◆ **THE PROBLEM**
The answer must be every line of the records in which the string "mxGraphModel" appears.

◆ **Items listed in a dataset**
═══

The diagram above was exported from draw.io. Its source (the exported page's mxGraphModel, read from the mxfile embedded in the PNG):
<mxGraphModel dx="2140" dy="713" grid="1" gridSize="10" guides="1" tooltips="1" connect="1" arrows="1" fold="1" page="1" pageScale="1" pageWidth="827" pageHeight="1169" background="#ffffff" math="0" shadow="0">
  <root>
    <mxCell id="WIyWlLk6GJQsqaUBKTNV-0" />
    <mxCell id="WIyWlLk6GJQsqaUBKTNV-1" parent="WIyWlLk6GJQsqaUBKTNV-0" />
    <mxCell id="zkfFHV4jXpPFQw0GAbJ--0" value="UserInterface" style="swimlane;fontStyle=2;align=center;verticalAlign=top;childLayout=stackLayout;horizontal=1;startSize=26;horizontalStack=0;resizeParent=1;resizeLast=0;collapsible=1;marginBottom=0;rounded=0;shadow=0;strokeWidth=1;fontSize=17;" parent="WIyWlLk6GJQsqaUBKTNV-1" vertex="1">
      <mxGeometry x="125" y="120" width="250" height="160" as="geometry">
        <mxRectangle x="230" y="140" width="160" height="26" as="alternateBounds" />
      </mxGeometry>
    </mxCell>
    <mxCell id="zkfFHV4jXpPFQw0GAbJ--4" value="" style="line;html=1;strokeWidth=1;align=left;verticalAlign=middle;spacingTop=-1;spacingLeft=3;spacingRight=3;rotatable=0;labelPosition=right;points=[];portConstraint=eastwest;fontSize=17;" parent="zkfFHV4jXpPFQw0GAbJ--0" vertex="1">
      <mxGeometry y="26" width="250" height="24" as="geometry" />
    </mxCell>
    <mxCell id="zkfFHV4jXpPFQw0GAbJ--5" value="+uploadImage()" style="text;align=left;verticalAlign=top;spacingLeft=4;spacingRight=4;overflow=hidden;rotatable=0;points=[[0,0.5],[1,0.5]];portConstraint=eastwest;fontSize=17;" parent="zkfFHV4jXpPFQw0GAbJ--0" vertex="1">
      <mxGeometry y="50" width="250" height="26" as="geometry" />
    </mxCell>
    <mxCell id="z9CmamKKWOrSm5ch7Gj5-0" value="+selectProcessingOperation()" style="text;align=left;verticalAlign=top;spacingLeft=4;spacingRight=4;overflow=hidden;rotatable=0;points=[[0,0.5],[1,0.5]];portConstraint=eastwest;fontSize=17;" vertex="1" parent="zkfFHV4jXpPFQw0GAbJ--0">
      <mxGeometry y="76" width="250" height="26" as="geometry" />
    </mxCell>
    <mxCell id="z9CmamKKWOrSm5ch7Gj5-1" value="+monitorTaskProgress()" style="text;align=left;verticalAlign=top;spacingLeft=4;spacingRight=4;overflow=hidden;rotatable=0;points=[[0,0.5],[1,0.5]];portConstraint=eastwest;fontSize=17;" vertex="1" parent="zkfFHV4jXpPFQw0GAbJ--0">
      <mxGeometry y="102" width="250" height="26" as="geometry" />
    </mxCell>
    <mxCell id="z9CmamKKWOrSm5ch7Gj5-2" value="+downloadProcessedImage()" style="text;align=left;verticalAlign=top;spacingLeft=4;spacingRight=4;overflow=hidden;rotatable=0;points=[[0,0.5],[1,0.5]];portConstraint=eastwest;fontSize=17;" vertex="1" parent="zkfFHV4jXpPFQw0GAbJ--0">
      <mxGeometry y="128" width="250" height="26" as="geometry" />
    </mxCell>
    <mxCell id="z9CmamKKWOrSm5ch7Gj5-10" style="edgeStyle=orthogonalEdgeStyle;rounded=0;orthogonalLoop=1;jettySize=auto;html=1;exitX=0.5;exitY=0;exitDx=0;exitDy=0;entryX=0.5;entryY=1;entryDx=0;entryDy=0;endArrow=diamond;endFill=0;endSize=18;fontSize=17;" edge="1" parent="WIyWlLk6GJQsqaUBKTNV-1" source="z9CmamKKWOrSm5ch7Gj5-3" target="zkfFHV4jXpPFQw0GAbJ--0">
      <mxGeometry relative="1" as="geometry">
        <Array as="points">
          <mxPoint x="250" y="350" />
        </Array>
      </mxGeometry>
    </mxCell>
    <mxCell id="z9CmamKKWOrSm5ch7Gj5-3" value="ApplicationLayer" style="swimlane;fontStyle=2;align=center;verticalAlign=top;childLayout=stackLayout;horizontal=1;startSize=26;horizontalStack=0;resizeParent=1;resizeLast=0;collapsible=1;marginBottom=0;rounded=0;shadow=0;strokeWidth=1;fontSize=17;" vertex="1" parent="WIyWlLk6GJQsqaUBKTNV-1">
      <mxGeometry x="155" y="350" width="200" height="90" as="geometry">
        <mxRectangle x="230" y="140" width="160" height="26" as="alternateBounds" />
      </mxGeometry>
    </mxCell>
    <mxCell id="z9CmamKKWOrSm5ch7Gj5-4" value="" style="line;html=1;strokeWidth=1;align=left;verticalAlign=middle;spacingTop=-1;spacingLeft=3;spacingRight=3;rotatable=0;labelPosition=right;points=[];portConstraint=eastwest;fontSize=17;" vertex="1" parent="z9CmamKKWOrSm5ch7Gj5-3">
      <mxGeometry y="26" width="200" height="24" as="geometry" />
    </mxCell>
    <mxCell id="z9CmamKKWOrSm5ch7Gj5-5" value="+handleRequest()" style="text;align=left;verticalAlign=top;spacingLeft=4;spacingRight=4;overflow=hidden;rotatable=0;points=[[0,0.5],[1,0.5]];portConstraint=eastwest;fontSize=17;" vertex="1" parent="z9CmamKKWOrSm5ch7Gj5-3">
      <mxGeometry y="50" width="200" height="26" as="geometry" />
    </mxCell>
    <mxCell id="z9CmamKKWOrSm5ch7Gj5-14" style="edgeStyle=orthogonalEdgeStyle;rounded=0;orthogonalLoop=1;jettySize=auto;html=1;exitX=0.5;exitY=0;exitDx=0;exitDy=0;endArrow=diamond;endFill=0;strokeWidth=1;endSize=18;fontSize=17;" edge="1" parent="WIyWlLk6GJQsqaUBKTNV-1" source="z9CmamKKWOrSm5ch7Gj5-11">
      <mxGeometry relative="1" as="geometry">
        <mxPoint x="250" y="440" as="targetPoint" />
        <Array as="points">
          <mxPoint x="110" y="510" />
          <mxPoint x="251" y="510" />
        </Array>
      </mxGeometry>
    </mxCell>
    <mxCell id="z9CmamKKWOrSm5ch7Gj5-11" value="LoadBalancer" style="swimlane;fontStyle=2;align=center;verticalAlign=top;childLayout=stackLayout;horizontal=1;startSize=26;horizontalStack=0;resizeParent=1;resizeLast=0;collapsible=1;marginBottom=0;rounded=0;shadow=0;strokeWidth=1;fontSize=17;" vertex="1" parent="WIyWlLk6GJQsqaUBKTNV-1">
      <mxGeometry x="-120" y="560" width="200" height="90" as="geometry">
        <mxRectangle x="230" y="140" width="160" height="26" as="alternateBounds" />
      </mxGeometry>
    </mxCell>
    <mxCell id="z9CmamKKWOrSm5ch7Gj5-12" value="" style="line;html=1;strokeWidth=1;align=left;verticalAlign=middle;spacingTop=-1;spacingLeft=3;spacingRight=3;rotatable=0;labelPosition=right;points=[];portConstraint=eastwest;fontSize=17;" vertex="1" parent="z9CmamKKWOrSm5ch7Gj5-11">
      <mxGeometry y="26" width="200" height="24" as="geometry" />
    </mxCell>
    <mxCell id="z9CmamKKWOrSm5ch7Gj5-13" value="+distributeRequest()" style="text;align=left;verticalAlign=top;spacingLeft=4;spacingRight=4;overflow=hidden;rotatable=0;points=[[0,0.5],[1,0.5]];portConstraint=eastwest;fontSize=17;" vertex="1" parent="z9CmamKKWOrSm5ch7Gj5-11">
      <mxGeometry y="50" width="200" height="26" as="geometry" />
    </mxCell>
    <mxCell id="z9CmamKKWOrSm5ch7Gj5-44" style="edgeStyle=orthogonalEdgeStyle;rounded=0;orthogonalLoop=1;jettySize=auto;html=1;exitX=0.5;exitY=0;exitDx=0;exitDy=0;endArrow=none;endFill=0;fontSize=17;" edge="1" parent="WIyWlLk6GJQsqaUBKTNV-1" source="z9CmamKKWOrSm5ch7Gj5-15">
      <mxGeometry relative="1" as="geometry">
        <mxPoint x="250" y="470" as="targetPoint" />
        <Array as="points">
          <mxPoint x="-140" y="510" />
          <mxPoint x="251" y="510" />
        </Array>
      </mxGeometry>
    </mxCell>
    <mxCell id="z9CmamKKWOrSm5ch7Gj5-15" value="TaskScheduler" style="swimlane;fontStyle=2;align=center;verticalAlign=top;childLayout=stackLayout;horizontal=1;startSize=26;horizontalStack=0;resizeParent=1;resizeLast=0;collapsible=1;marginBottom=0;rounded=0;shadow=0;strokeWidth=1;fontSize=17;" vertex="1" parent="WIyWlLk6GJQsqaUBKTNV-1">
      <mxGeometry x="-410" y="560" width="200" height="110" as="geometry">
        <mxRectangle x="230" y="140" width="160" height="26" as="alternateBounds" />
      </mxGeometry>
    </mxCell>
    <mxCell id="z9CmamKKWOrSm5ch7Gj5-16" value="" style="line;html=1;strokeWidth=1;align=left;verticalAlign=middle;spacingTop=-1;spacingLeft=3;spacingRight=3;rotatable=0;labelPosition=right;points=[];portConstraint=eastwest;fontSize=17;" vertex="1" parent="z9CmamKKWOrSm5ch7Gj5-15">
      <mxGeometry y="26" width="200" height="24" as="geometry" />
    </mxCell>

═══

◆ **ANSWER FOR THE TASK**
The diagram above was exported from draw.io. Its source (the exported page's mxGraphModel, read from the mxfile embedded in the PNG):
<mxGraphModel dx="2140" dy="713" grid="1" gridSize="10" guides="1" tooltips="1" connect="1" arrows="1" fold="1" page="1" pageScale="1" pageWidth="827" pageHeight="1169" background="#ffffff" math="0" shadow="0">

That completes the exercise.